Published: 14:46 06 Jun 2023 BST

Bank of England - Mortgage lenders boosting rates amid fears of further interest rate hikes

Lenders are hiking mortgage rates on a daily basis over fears of another hike in UK base rates in late June, according to the tracking website Moneyfacts Compare.

Rates on the average two-year fix sat at 5.75% and 5.44% for five-year fixes on Tuesday, according to Moneyfacts, up from 5.72% and 5.41% respectively at the weekend.

Average two, five and ten-year fixes have all risen since the Office for National Statistics reported a rise in core inflation and a less-than-anticipated fall in the consumer price index between March and April.

It means an additional £45 and £47 extra per month on a £200,000 25-year mortgage for those purchasing two and five-year fixes respectively, Moneyfacts calculated.

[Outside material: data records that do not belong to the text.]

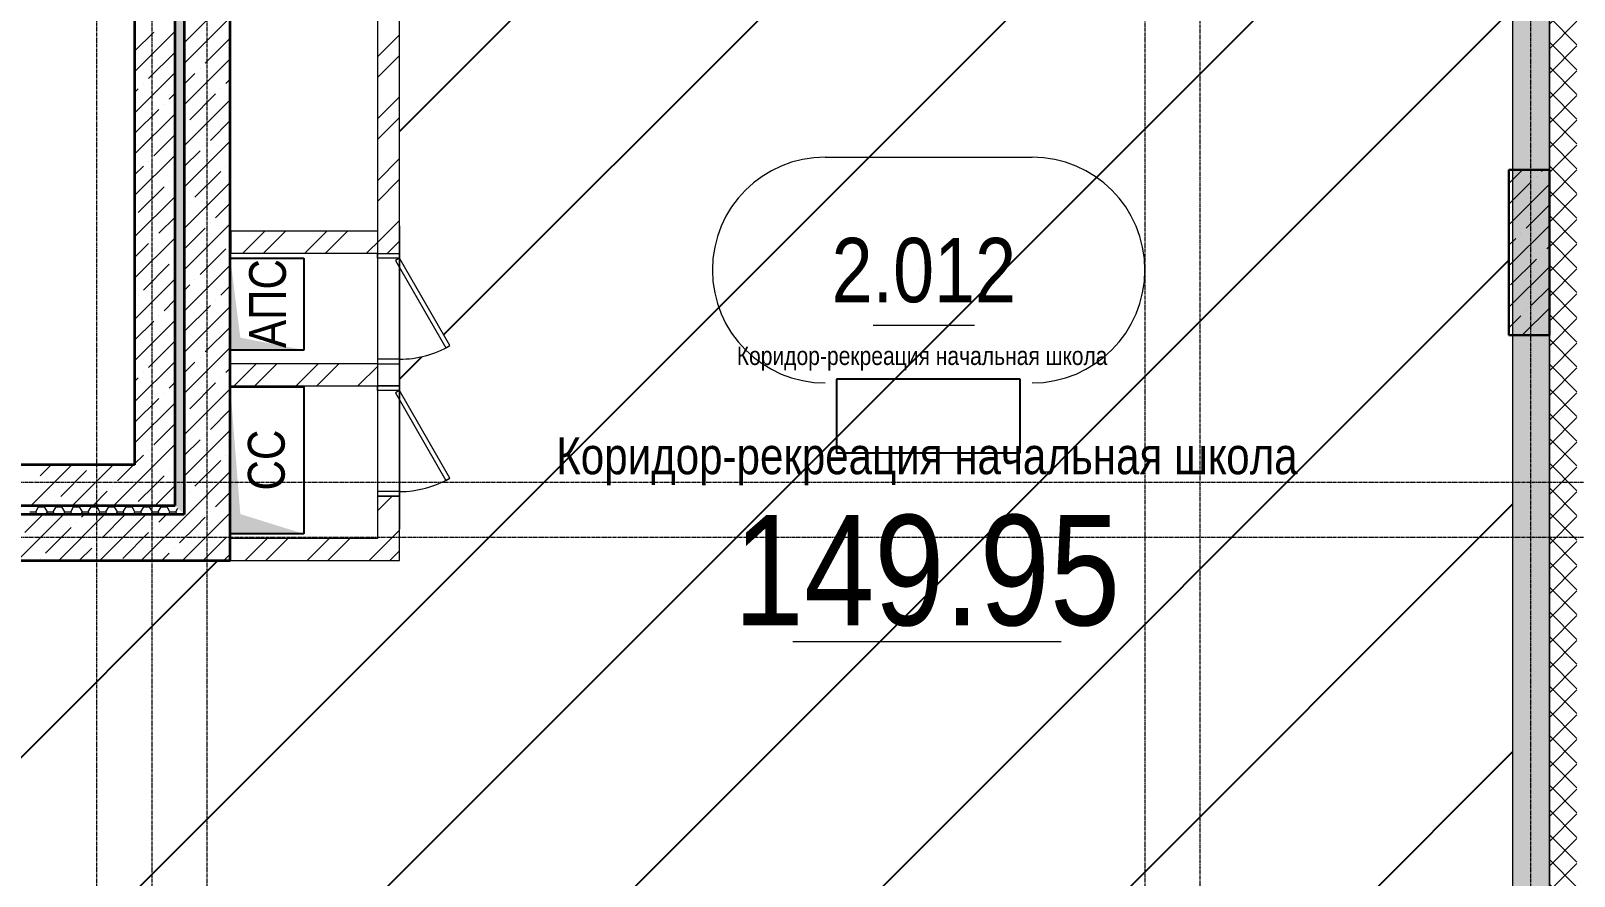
# Model space of a CAD drawing. Header units: millimetres. Extents: x 538266 to 1167394, y 114608 to 637157.
# Drawn here: x 841178 to 849573, y 184472 to 189069 of the extents above; entities that cross this region are included whole.
import ezdxf
from ezdxf.enums import TextEntityAlignment as Align

# ---------------------------------------------------------------- set-up
doc = ezdxf.new("R2010")
doc.units = ezdxf.units.MM
doc.linetypes.add('CENTER2', pattern=[28.575, 19.05, -3.175, 3.175, -3.175])
doc.linetypes.add('HIDDEN2', pattern=[4.7625, 3.175, -1.5875])
doc.layers.get('Defpoints').update_dxf_attribs({"color": 140})
doc.layers.add('A-AREA', color=7, linetype='Continuous', lineweight=15, true_color=0x7f7f7f)
doc.layers.add('РД_Оси_100', color=7, linetype='Continuous', lineweight=0, true_color=0x525252)
for name, color, linetype, lineweight in [('АР_Area', 5, 'Continuous', 5), ('АР_Колонны', 70, 'Continuous', 30), ('АР_площадь пом', 5, 'Continuous', 5), ('АР_Стены ЖБ', 7, 'Continuous', 35), ('АР_Стены кирпич', 32, 'Continuous', 20), ('АР_Стены ПЕНОблок', 52, 'Continuous', 20), ('АР_Стены_дефшов', 4, 'Continuous', 0), ('АР_Утеплитель', 31, 'Continuous', 0), ('АР_Штриховка', 8, 'Continuous', 0), ('Двери кабины', 252, 'Continuous', 0), ('СС_Отверстия', 72, 'Continuous', 9)]:
    doc.layers.add(name, color=color, linetype=linetype, lineweight=lineweight)
doc.layers.add('РД_Проем', color=230, linetype='Continuous', lineweight=0, plot=False)
doc.layers.add('РД_проем_инж перемыч_подсчет', color=50, linetype='Continuous', plot=False)
doc.layers.add('ФВ-5', color=7, linetype='Continuous')
doc.styles.add('style1', font='ARIALN.TTF')
pattern_1 = [(45, (602274.53, 0), (-168.3798, 168.3798), []), (45, (602386.78, 0), (-168.3798, 168.3798), [])]

# ---------------------------------------------------------------- blocks, each defined once
blk = doc.blocks.new('MOK-МаркаПом_овал_ареал')
for p, q in [((-5.365, 6.138), (5.888, 6.138)), ((-2.75, -3), (2.75, -3))]:
    blk.add_line(p, q)
for centre, radius, start, end in [((-5.365, 0), 6.138, 90, 270), ((5.888, 0), 6.138, 270, 90), ((-7.411, 0), 7.161, 0, 0.00095)]:
    blk.add_arc(centre, radius, start, end)
at = {"color": 0, "style": 'style1'}
blk.add_attdef('АР-ПОМЕЩЕНИЕ:НОМЕР', text='', height=3, dxfattribs=at).set_placement((0.261, 0), align=Align.MIDDLE)
at = {"layer": 'Defpoints', "color": 2, "style": 'style1'}
blk.add_attdef('АР-ПОМЕЩЕНИЕ:НАИМЕНОВАНИЕ', text='', height=1, dxfattribs=at).set_placement((-0.094, -4.814), align=Align.MIDDLE)
blk = doc.blocks.new('MOK-МаркаПомещения1')
at = {"layer": 'A-AREA', "color": 0}
blk.add_line((-3.651, -1.944), (3.649, -1.944), dxfattribs=at)
at = {"layer": 'A-AREA', "color": 0, "style": 'style1'}
blk.add_attdef('АР-ПОМЕЩЕНИЕ:ПЛОЩАДЬ', text='', height=3, dxfattribs=at).set_placement((0, 0), align=Align.MIDDLE)
at = {"layer": 'Defpoints', "style": 'style1', "flags": 8}
blk.add_attdef('АР-ПОМЕЩЕНИЕ:НАИМЕНОВАНИЕ', text='', height=1, dxfattribs=at).set_placement((0, 2.956), align=Align.MIDDLE)
blk = doc.blocks.new('2_этаж')
at = {"layer": 'АР_Штриховка', "linetype": 'Continuous', "lineweight": 0, "true_color": 0x000000}
h = blk.add_hatch(dxfattribs=at)
h.set_pattern_fill('AR-CONC', color=18, angle=-360, style=0)
h.set_pattern_definition([(50, (602274.53, 6e-11), (182.18467, -15.93909), [19.05, -209.55]), (355, (602274.53, 6e-11), (-35.24342, 191.05685), [15.24, -167.64058]), (100.45144, (602289.71, -1.33), (146.94125, 175.11775), [16.19001, -178.09024]), (46.1842, (602274.53, 50.8), (271.07904, -42.04233), [28.575, -314.325]), (96.63556, (602297.12, 47.3), (237.40413, 247.42612), [24.28502, -267.1356]), (351.18415, (602274.53, 50.8), (237.40413, 247.42612), [22.85997, -251.45973]), (21, (602299.93, 38.1), (151.61439, -102.2652), [19.05, -209.55]), (326, (602299.93, 38.1), (61.80203, 184.18797), [15.24, -167.64]), (71.451445, (602312.56, 29.58), (213.41642, 81.92277), [16.19001, -178.08994]), (37.5, (602274.53, 6e-11), (3.088603, 84.555039), [0, -165.608, 0, -170.18, 0, -168.275]), (7.5, (602274.53, 6e-11), (66.819663, 100.180575), [0, -97.028, 0, -161.798, 0, -64.135]), (327.5, (602217.89, 6e-11), (135.590595, -5.728744), [0, -63.5, 0, -198.12, 0, -262.89]), (317.5, (602192.49, 6e-11), (148.12918, 25.42649), [0, -82.55, 0, -131.572, 0, -186.69])])
h.paths.add_polyline_path([(693073.6, 190988.3), (692873.6, 191188.3), (692873.6, 156113.2), (693073.6, 156113.2)], flags=0)
h = blk.add_hatch(dxfattribs=at)
h.set_pattern_fill('HONEY', color=18, scale=10, style=0)
h.set_pattern_definition([(2e-15, (602274.53, -6e-11), (47.625, 27.4963065), [31.75, -63.5]), (120, (602274.53, -6e-11), (-47.625, 27.4963066), [31.75, -63.5]), (60, (602274.53, -6e-11), (1e-07, 54.992613), [-63.5, 31.75])])
h.paths.add_polyline_path([(685598.6, 186488.2), (685648.6, 186438.2), (685648.6, 190938.2), (685598.6, 190988.2)], flags=0)
h = blk.add_hatch(dxfattribs=at)
h.set_pattern_fill('ANSI37', color=18, scale=30, angle=-360, style=0)
h.set_pattern_definition([(45, (602274.53, 6e-11), (-67.35192, 67.35192), []), (135, (602274.53, 6e-11), (-67.35192, -67.35192), [])])
h.paths.add_polyline_path([(693223.6, 190838.3), (693073.6, 190988.3), (693073.6, 156113.2), (693223.6, 156113.2)], flags=0)
h = blk.add_hatch(dxfattribs=at)
h.set_pattern_fill('ANSI32', color=18, scale=25, angle=-360, style=0)
h.set_pattern_definition([(45, (602274.53, 3e-11), (-168.3798, 168.3798), []), (45, (602386.78, 3e-11), (-168.3798, 168.3798), [])])
h.paths.add_polyline_path([(686818.6, 190688.2), (686698.6, 190688.2), (686698.6, 187979), (686728.6, 187899), (686818.6, 187859)], flags=0)
h.paths.add_polyline_path([(686818.6, 187859), (686728.6, 187899), (686698.6, 187859), (686698.6, 187858.2), (686818.6, 187858.2)], flags=0)
h.paths.add_polyline_path([(686818.6, 186538.2), (686698.6, 186538.2), (686698.6, 186308.2), (686818.6, 186188.2)], flags=0)
h = blk.add_hatch(dxfattribs=at)
h.set_pattern_fill('ANSI32', color=18, scale=25, style=0)
h.set_pattern_definition(pattern_1)
h.paths.add_polyline_path([(685902, 187979), (685902, 187859), (686698.6, 187859), (686728.6, 187899), (686698.6, 187979)], flags=0)
h = blk.add_hatch(dxfattribs=at)
h.set_pattern_fill('ANSI32', color=18, scale=25, style=0)
h.set_pattern_definition(pattern_1)
h.paths.add_polyline_path([(685898.6, 187258.2), (685898.6, 187138.2), (686698.6, 187138.2), (686728.6, 187178.2), (686698.6, 187258.2)], flags=0)
h = blk.add_hatch(dxfattribs=at)
h.set_pattern_fill('ANSI32', color=18, scale=25, angle=-360, style=0)
h.set_pattern_definition([(45, (602274.53, -8e-10), (-168.3798, 168.3798), []), (45, (602386.78, -8e-10), (-168.3798, 168.3798), [])])
h.paths.add_polyline_path([(685898.6, 186308.2), (685898.6, 186188.2), (686818.6, 186188.2), (686698.6, 186308.2)], flags=0)
at = {"color": 18, "linetype": 'Continuous', "true_color": 0x000000}
for p, q in [((685898.6, 187333.2), (685898.6, 187833.2)), ((685898.6, 187833.2), (686298.6, 187833.2)), ((685898.6, 187333.2), (685898.6, 187833.2)), ((685898.6, 187833.2), (686298.6, 187833.2)), ((686298.6, 187833.2), (686298.6, 187333.2)), ((686298.6, 187833.2), (686298.6, 187333.2)), ((686298.6, 187333.2), (685898.6, 187333.2)), ((686298.6, 187333.2), (685898.6, 187333.2)), ((685898.6, 186333.2), (685898.6, 187133.2)), ((685898.6, 187133.2), (686298.6, 187133.2)), ((685898.6, 186333.2), (685898.6, 187133.2)), ((685898.6, 187133.2), (686298.6, 187133.2)), ((686298.6, 187133.2), (686298.6, 186333.2)), ((686298.6, 187133.2), (686298.6, 186333.2)), ((686298.6, 186333.2), (685898.6, 186333.2)), ((686298.6, 186333.2), (685898.6, 186333.2))]:
    blk.add_line(p, q, dxfattribs=at)
at = {"color": 18, "true_color": 0x000000}
for p, q in [((690196, 187174.8), (689196, 187174.8)), ((689196, 187174.8), (689196, 186774.8)), ((690196, 186774.8), (690196, 187174.8)), ((689196, 186774.8), (690196, 186774.8))]:
    blk.add_line(p, q, dxfattribs=at)
at = {"color": 18, "linetype": 'Continuous', "true_color": 0x000000}
for points in [[(686298.6, 187333.2), (685898.6, 187333.2), (685953.2, 187400.6), (685898.6, 187833.2)], [(686298.6, 187333.2), (685898.6, 187333.2), (685953.2, 187400.6), (685898.6, 187833.2)], [(686298.6, 186333.2), (685898.6, 186333.2), (685953.2, 186441), (685898.6, 187133.2)], [(686298.6, 186333.2), (685898.6, 186333.2), (685953.2, 186441), (685898.6, 187133.2)]]:
    blk.add_solid(points, dxfattribs=at)
at = {"layer": 'АР_Колонны', "color": 18, "linetype": 'HIDDEN2', "lineweight": 25, "true_color": 0x000000}
for p, q in [((692853.6, 188313.2), (693073.6, 188313.2)), ((692853.6, 187413.2), (692853.6, 188313.2)), ((693073.6, 188313.2), (693073.6, 187413.2)), ((693073.6, 187413.2), (692853.6, 187413.2))]:
    blk.add_line(p, q, dxfattribs=at)
at = {"layer": 'АР_Колонны', "color": 18, "linetype": 'Continuous', "lineweight": 15, "true_color": 0x000000}
for p, q in [((693073.6, 188313.2), (692853.6, 188313.2)), ((692853.6, 188313.2), (692853.6, 187413.2)), ((693073.6, 188313.2), (692853.6, 188313.2)), ((692853.6, 188313.2), (692853.6, 187413.2)), ((693073.6, 187413.2), (693073.6, 188313.2)), ((693073.6, 187413.2), (693073.6, 188313.2)), ((692853.6, 187413.2), (693073.6, 187413.2)), ((692853.6, 187413.2), (693073.6, 187413.2))]:
    blk.add_line(p, q, dxfattribs=at)
at = {"layer": 'АР_Стены ЖБ', "color": 18, "linetype": 'Continuous', "lineweight": 35, "true_color": 0x000000}
for p, q in [((685378.6, 191388.3), (685378.6, 186708.2)), ((685598.6, 186488.2), (685598.6, 191388.3)), ((685648.6, 190938.2), (685648.6, 186438.2)), ((685898.6, 186188.2), (685898.6, 190688.2)), ((685378.6, 186708.2), (672773.6, 186708.2)), ((672773.6, 186488.2), (685598.6, 186488.2)), ((685648.6, 186438.2), (672773.6, 186438.2)), ((672773.6, 186188.2), (685898.6, 186188.2))]:
    blk.add_line(p, q, dxfattribs=at)
at = {"layer": 'АР_Стены ЖБ', "color": 18, "linetype": 'Continuous', "lineweight": 30, "true_color": 0x000000}
for p, q in [((693073.6, 188313.2), (692853.6, 188313.2)), ((692853.6, 188313.2), (692853.6, 187413.2)), ((693073.6, 187413.2), (693073.6, 188313.2)), ((692853.6, 187413.2), (693073.6, 187413.2))]:
    blk.add_line(p, q, dxfattribs=at)
at = {"layer": 'АР_Стены кирпич', "color": 18, "linetype": 'Continuous', "lineweight": 20, "true_color": 0x000000}
for p, q in [((686698.6, 190688.2), (686698.6, 187979)), ((686818.6, 187859), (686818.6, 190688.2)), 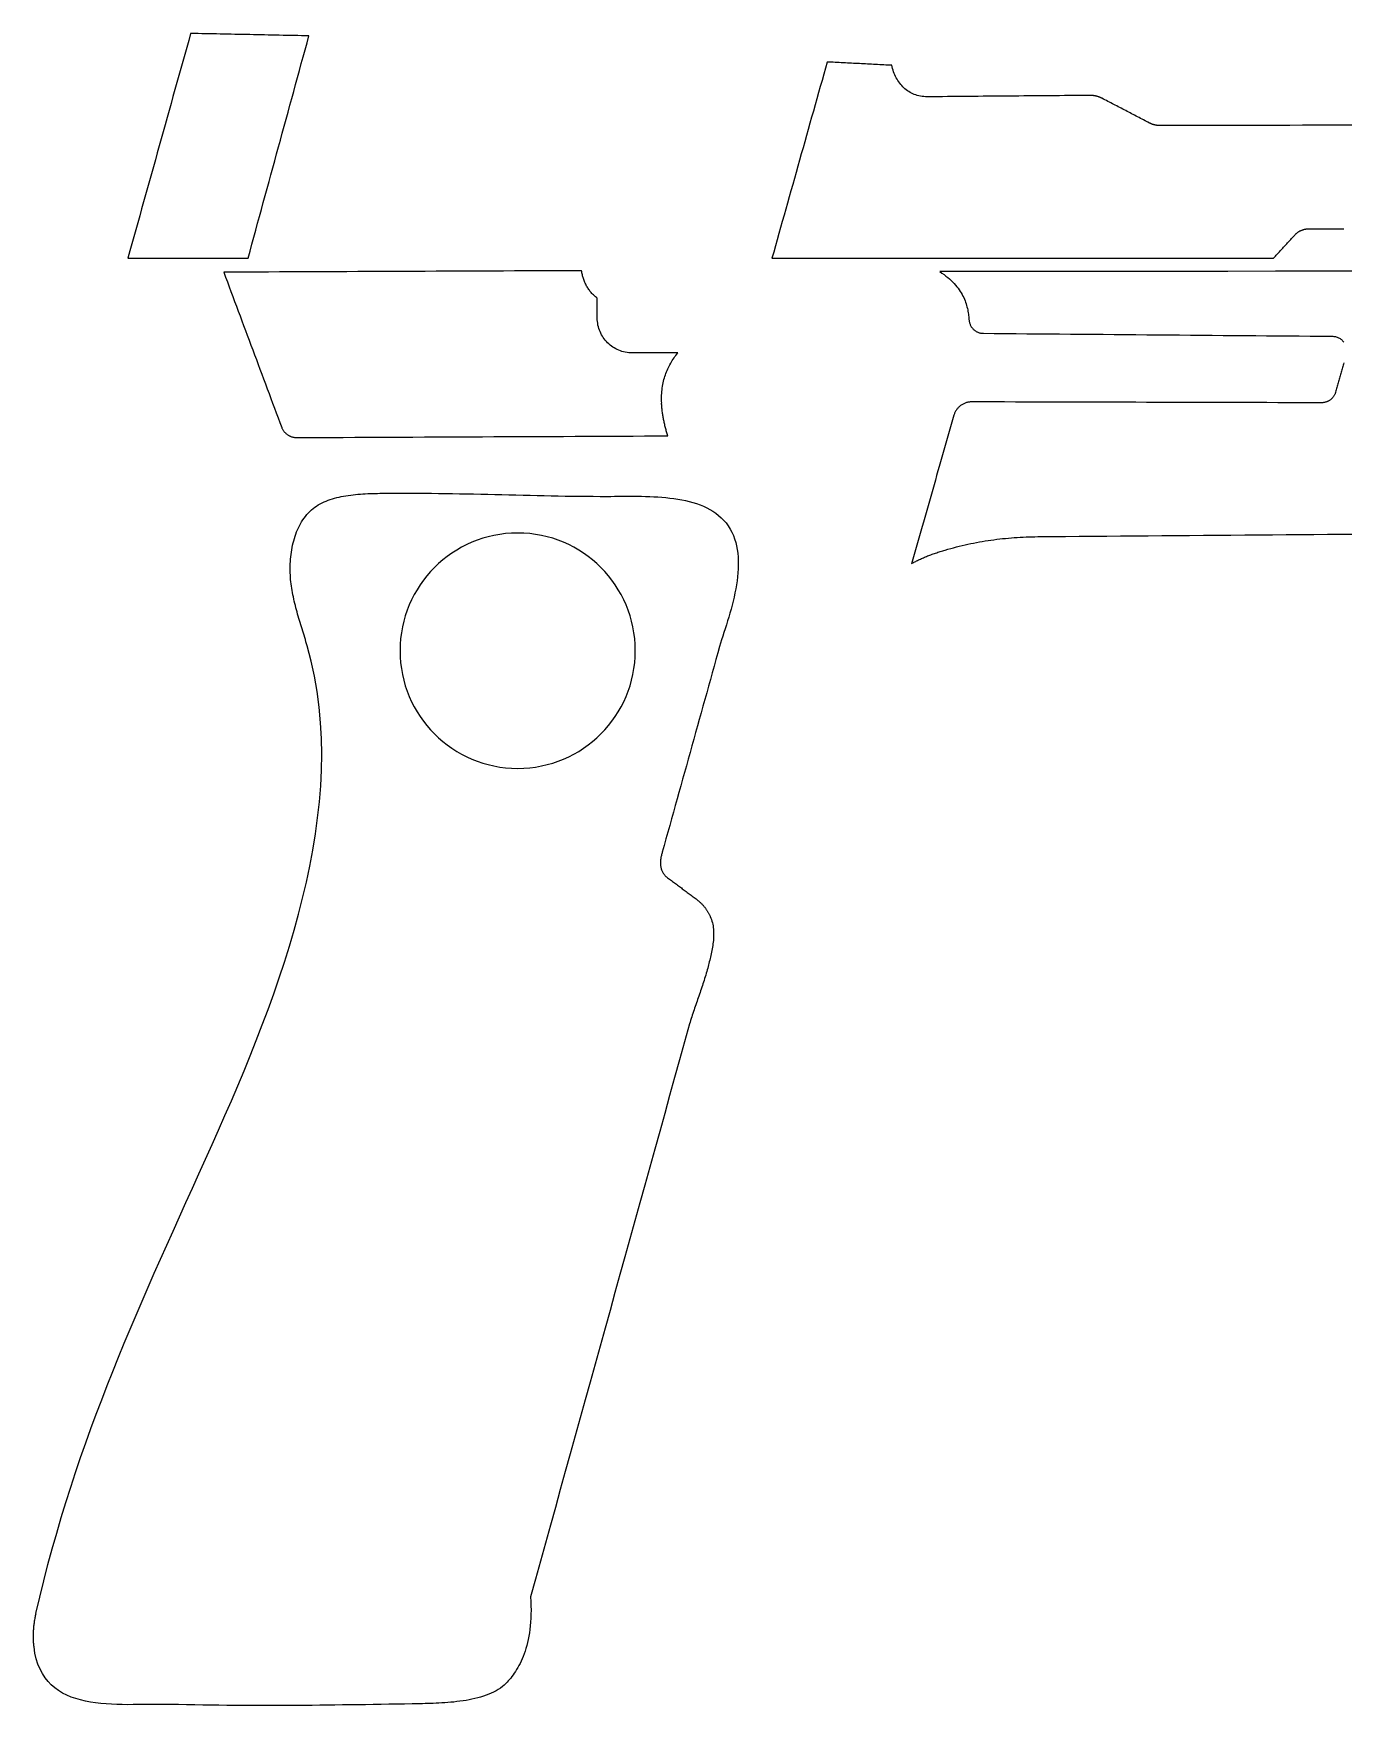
# Model space of a CAD drawing. Header units: metres. Extents: x 170 to 294, y -140 to -62.
# Drawn here: x 170.1 to 231.2, y -139.5 to -61.5 of the extents above; entities that cross this region are included whole.
import ezdxf

# ---------------------------------------------------------------- set-up
doc = ezdxf.new("R2010")
doc.units = ezdxf.units.M

msp = doc.modelspace()

# ---------------------------------------------------------------- linework, layer by layer
for points in [[(182.904638, -61.627004), (182.732172, -61.623448), (182.559706, -61.619892), (182.38724, -61.616336), (182.214774, -61.61278), (182.042308, -61.609224), (181.869842, -61.605668), (181.697376, -61.602112), (181.52491, -61.598556), (181.352444, -61.595), (181.179978, -61.591444), (181.007512, -61.587888), (180.835046, -61.584332), (180.66258, -61.580776), (180.490114, -61.57722), (180.317648, -61.573664), (180.145182, -61.570108), (179.972716, -61.566552), (179.80025, -61.562996), (179.627784, -61.55944), (179.455318, -61.555884), (179.282852, -61.552328), (179.110386, -61.548772), (178.93792, -61.545216), (178.765454, -61.54166), (178.592988, -61.538104), (178.420522, -61.534548), (178.248056, -61.530992), (178.07559, -61.527436), (177.903124, -61.52388), (177.730658, -61.520324), (177.558192, -61.516768), (177.385726, -61.513212), (177.294286, -61.840618), (177.202846, -62.168024), (177.111406, -62.49543), (177.019966, -62.822836), (176.928526, -63.150242), (176.837086, -63.477648), (176.745646, -63.805054), (176.654206, -64.13246), (176.562766, -64.459866), (176.471326, -64.787272), (176.379886, -65.114678), (176.288446, -65.442084), (176.197006, -65.76949), (176.105566, -66.096896), (176.014126, -66.424302), (175.922686, -66.751708), (175.831246, -67.079114), (175.739806, -67.40652), (175.648366, -67.733926), (175.556926, -68.061332), (175.465486, -68.388738), (175.374046, -68.716144), (175.282606, -69.04355), (175.191166, -69.370956), (175.099726, -69.698362), (175.008286, -70.025768), (174.916846, -70.353174), (174.825406, -70.68058), (174.733966, -71.007986), (174.642526, -71.335392), (174.551086, -71.662798), (174.459646, -71.990204), (174.634906, -71.990204), (174.810166, -71.990204), (174.985426, -71.990204), (175.160686, -71.990204), (175.335946, -71.990204), (175.511206, -71.990204), (175.686466, -71.990204), (175.861726, -71.990204), (176.036986, -71.990204), (176.212246, -71.990204), (176.387506, -71.990204), (176.562766, -71.990204), (176.738026, -71.990204), (176.913286, -71.990204), (177.088546, -71.990204), (177.263806, -71.990204), (177.439066, -71.990204), (177.614326, -71.990204), (177.789586, -71.990204), (177.964846, -71.990204), (178.140106, -71.990204), (178.315366, -71.990204), (178.490626, -71.990204), (178.665886, -71.990204), (178.841146, -71.990204), (179.016406, -71.990204), (179.191666, -71.990204), (179.366926, -71.990204), (179.542186, -71.990204), (179.717446, -71.990204), (179.892706, -71.990204), (180.067966, -71.990204), (180.156612, -71.666354), (180.245258, -71.342504), (180.333904, -71.018654), (180.42255, -70.694804), (180.511196, -70.370954), (180.599842, -70.047104), (180.688488, -69.723254), (180.777134, -69.399404), (180.86578, -69.075554), (180.954426, -68.751704), (181.043072, -68.427854), (181.131718, -68.104004), (181.220364, -67.780154), (181.30901, -67.456304), (181.397656, -67.132454), (181.486302, -66.808604), (181.574948, -66.484754), (181.663594, -66.160904), (181.75224, -65.837054), (181.840886, -65.513204), (181.929532, -65.189354), (182.018178, -64.865504), (182.106824, -64.541654), (182.19547, -64.217804), (182.284116, -63.893954), (182.372762, -63.570104), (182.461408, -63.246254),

“Volatility is down to the concerns surrounding future interest rate hikes, and lenders are reassessing their propositions,” Moneyfacts finance expert Rachel Springall said.

Halifax hiked some fixed rate offerings by 0.3 percentage points on Monday, while Leeds Building Society interest rose on a selection of deals by as much as 0.4 points.

Santander and Furness Building Society cut fixed-rate offerings over the weekend with the Co-operative scrapping them altogether, according to Moneyfacts.

Collectively, over 200 mortgages were pulled from the market between Friday and Monday as lenders re-evaluated offerings, representing 4% of all deals on offer.

Despite subsiding between March and April, analysts had expected a lower reading than the 8.7% consumer price index rate recorded for the month.

Core inflation unexpectedly rose month on month to 6.8% in April meanwhile, leaving a further base interest rate increase by the Bank of England “firmly on the table,” Pantheon Macroeconomics analysts said at the time.